The deadly Ebola epidemic in West Africa has reportedly killed around 8,641 people, according to data from the World Health Organization.
The Ebola virus has also had an effect on animals as it has reportedly been noted as the greatest threat to the survival of great apes, conservationists have warned, according to the U.K.’s The Independent.
“At this moment in time Ebola is the single greatest threat to the survival of gorillas and chimpanzees,” Meera Inglis, a Conservation Policy PHD student at the University of Sheffield, wrote for The Conservation.
Ria Ghai, an ecologist, reportedly wrote in an article for the Jane Goodall Institute that a third of the world’s chimpanzees and gorillas have died from the Ebola virus since the 1990s.
“Unlike human epidemics, wild ape epidemics tend to go unnoticed for months or even years,” wrote Ghai, according to the National Post.

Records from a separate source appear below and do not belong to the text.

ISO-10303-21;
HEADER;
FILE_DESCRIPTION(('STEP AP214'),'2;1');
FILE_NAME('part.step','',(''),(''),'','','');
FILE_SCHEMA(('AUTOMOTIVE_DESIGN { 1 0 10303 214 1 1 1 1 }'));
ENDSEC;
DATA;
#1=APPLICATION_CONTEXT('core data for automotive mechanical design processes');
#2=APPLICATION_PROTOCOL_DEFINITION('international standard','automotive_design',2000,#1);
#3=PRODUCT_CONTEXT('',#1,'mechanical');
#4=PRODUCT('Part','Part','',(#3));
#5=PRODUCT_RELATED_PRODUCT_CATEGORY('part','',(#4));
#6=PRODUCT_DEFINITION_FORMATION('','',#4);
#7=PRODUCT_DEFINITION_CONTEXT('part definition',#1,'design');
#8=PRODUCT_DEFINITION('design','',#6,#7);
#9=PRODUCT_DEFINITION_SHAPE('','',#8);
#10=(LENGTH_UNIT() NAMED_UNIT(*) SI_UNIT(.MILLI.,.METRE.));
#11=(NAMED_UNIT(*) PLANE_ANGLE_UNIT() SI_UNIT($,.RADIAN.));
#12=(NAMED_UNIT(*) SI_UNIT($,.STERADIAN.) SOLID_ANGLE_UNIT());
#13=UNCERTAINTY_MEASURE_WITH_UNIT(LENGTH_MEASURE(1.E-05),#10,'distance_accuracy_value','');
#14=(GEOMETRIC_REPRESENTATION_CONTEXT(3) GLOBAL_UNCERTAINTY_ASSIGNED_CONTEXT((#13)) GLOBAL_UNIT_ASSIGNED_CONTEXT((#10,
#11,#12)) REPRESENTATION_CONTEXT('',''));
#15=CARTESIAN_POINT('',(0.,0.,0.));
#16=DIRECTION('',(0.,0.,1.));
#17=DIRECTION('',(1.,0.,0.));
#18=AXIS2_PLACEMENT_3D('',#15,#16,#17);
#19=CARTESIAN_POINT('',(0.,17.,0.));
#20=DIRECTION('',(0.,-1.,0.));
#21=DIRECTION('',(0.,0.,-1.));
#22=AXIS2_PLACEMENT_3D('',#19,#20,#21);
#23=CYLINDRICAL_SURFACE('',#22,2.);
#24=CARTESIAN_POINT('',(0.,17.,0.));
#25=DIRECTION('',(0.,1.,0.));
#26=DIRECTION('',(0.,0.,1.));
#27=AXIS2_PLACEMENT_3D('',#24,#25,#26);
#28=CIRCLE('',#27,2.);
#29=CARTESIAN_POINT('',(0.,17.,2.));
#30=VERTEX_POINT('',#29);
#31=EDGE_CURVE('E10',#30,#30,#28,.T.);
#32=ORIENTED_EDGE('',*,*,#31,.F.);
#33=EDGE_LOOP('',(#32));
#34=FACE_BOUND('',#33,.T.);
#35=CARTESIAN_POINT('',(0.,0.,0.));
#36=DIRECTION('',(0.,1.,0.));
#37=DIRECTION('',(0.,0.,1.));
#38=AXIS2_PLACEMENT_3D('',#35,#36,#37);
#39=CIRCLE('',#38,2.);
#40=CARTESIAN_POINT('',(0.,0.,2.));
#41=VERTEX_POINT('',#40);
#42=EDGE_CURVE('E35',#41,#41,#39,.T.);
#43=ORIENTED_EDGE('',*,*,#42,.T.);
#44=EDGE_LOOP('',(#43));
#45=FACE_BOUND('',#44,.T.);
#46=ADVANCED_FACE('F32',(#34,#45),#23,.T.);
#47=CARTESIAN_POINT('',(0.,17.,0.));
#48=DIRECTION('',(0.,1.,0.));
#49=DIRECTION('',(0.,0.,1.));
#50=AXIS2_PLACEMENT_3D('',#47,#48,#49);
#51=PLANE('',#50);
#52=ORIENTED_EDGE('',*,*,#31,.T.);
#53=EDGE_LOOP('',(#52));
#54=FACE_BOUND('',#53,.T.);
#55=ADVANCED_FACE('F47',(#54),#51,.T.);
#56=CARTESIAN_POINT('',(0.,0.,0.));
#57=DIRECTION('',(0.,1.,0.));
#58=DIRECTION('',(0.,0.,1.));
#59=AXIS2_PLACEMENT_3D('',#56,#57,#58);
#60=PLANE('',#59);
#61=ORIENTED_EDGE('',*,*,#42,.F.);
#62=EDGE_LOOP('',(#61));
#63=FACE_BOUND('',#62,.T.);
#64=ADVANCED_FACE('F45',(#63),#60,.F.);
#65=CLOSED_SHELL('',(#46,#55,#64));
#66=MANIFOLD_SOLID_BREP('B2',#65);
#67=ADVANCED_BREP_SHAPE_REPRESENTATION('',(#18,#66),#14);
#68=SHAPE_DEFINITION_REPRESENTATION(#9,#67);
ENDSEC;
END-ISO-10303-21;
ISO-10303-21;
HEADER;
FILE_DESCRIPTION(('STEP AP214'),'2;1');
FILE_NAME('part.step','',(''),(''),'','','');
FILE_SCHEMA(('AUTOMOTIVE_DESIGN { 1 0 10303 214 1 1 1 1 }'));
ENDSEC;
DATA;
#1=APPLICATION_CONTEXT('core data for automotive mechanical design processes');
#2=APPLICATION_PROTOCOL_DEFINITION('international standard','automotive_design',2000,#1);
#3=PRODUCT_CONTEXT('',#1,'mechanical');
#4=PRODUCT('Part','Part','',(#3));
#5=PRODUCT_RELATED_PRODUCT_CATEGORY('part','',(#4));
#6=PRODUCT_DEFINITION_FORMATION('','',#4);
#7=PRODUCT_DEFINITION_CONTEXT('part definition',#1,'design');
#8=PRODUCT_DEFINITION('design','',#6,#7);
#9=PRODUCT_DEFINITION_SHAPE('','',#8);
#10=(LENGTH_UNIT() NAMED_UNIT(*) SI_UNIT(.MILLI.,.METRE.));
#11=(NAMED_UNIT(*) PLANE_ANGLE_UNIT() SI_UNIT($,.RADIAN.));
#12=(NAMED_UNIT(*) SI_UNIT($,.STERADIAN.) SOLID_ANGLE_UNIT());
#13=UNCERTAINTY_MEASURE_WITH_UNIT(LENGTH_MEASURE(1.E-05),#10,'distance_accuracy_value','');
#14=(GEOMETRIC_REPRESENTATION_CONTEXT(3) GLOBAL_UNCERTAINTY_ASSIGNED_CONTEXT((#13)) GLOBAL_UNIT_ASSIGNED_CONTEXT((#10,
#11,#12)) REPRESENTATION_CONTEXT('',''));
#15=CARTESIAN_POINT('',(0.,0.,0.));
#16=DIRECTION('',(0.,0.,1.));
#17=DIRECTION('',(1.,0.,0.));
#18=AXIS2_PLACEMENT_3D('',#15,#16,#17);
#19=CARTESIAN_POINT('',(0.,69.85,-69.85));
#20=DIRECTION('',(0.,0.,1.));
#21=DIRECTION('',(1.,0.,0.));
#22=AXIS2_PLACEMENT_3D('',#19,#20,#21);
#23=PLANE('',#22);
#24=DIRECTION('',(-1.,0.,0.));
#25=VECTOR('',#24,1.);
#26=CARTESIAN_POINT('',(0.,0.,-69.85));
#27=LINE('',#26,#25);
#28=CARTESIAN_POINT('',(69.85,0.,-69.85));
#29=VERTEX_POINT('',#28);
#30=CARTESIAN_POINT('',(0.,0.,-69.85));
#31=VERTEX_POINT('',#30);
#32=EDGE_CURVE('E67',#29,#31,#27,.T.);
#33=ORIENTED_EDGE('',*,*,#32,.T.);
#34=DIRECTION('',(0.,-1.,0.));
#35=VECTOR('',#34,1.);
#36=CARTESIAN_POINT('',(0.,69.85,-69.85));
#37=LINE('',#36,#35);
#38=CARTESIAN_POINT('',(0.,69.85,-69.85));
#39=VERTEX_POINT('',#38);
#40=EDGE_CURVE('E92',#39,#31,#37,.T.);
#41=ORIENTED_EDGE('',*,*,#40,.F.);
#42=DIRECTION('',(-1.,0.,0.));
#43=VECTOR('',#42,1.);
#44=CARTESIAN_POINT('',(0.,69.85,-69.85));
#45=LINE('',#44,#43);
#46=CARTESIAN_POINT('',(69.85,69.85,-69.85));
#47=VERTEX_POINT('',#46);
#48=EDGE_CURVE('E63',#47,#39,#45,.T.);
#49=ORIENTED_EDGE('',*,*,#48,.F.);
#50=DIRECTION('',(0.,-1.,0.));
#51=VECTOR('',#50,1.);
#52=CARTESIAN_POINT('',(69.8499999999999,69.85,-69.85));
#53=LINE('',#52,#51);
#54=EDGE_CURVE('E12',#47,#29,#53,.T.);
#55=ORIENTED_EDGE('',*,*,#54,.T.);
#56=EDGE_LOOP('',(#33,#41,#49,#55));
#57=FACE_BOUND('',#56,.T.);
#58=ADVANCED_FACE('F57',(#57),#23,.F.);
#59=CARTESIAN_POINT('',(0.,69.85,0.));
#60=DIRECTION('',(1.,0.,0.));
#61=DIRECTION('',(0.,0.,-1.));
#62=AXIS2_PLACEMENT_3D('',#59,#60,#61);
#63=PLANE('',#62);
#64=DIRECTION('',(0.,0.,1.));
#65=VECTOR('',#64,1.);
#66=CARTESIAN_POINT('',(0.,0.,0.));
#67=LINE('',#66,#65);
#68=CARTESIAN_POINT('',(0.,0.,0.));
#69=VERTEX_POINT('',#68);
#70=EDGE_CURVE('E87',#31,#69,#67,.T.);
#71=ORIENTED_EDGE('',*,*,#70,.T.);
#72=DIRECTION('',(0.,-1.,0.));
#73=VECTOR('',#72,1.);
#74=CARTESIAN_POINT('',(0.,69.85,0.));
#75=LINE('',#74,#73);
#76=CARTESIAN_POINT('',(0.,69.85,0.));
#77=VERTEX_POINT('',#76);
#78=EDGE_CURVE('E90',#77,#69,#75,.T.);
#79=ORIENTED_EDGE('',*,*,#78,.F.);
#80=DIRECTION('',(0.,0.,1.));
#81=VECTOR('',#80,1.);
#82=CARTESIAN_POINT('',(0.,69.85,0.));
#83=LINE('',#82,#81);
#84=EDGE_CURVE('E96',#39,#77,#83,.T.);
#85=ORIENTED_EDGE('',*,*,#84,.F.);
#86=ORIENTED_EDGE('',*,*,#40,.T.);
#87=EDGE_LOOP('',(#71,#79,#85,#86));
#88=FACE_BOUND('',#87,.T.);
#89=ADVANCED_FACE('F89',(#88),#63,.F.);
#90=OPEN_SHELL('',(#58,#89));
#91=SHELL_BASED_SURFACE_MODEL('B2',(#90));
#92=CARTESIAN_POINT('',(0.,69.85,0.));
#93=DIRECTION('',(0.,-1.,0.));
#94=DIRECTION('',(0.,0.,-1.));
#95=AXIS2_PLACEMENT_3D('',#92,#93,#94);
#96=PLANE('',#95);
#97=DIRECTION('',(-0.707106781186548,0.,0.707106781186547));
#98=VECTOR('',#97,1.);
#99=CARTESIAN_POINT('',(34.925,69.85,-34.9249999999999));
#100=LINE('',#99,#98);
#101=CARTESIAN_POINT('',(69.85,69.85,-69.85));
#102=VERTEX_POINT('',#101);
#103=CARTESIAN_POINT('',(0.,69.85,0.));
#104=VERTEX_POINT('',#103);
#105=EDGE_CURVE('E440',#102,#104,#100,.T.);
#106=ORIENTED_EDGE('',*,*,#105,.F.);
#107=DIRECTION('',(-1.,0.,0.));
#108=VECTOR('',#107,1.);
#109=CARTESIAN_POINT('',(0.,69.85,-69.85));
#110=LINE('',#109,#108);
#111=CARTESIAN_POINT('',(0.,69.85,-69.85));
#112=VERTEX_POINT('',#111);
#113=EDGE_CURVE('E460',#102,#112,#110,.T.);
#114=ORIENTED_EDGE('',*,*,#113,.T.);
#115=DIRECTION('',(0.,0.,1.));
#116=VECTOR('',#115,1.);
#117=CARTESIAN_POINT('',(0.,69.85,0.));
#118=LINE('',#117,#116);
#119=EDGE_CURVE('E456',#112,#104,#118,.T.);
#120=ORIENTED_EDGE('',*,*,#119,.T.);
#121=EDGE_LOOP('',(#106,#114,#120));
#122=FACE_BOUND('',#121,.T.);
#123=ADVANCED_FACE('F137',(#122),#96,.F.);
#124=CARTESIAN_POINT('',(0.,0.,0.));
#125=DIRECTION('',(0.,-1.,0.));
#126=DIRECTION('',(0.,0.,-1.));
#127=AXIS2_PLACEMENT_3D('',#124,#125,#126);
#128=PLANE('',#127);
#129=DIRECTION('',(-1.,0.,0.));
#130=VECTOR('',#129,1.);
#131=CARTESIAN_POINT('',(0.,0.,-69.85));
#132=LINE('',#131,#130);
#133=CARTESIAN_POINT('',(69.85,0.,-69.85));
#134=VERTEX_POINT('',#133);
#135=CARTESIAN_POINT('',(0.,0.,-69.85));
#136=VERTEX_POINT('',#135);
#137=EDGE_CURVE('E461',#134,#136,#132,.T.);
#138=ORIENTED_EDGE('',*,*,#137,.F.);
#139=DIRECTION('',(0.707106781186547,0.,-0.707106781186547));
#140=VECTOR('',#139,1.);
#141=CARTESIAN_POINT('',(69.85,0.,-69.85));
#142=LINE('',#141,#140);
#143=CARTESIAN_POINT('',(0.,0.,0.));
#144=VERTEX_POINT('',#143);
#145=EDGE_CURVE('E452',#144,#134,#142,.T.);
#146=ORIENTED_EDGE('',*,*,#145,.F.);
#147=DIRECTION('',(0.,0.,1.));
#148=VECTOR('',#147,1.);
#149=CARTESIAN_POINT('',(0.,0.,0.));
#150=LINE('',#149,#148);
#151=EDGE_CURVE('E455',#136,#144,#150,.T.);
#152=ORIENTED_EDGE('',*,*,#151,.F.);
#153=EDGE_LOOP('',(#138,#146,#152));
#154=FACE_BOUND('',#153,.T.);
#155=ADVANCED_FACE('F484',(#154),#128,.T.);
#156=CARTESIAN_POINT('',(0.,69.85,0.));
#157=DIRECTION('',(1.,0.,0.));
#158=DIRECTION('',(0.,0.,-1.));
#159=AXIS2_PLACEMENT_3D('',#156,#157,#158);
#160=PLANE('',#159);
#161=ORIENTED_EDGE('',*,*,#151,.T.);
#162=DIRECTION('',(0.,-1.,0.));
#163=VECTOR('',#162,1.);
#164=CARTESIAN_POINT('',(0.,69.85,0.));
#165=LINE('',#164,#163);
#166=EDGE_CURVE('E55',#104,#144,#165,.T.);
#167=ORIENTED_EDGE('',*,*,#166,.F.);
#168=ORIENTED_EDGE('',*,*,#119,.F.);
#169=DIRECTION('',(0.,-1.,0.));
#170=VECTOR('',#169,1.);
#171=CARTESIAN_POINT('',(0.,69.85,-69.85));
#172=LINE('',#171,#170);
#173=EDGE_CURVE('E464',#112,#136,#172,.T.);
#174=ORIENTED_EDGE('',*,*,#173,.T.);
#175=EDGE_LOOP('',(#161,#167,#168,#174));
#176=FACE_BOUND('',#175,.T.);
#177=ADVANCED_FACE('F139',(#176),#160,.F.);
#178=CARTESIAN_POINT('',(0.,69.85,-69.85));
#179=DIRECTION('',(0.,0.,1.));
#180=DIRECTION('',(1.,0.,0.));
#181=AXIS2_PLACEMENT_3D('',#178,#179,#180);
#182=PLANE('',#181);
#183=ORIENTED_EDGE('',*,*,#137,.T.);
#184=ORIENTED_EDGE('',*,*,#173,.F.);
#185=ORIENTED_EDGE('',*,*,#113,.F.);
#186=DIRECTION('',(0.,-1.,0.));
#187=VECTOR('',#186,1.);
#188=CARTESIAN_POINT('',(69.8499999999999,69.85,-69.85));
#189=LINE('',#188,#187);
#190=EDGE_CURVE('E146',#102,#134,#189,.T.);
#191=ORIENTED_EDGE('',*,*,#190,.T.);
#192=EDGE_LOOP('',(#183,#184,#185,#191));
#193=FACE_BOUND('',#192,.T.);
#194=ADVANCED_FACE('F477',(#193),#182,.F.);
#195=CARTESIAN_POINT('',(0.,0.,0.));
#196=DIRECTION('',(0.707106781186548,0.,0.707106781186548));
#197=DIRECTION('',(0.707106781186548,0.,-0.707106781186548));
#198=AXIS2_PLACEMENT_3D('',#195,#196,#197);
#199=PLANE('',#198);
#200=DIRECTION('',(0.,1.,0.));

She added, “Outbreaks of Ebola are infrequent, but many wildlife populations are unmonitored. Therefore, infection of a single member of a highly affiliative animals species like chimpanzees can lead to population-level spread, especially if carcasses are left uncollected to be handled or scavenged by other animals.”
According to WWF, a 1994 Ebola outbreak in Mikebe, in Northern Gabon, reportedly “wiped out the entire population of what used to be the second largest protected population of gorillas and chimpanzees in the world.”
A study published in the journal Science in 2006 reportedly suggested that 5,000 gorillas were killed in Gabon and Congo by the Zaire strain of Ebola in 2002 and 2003.
Inglis has reportedly suggested that a long-term strategy would be to restore forest habitat “as larger forested areas would reduce the chances of infected animals coming into contact with one another.”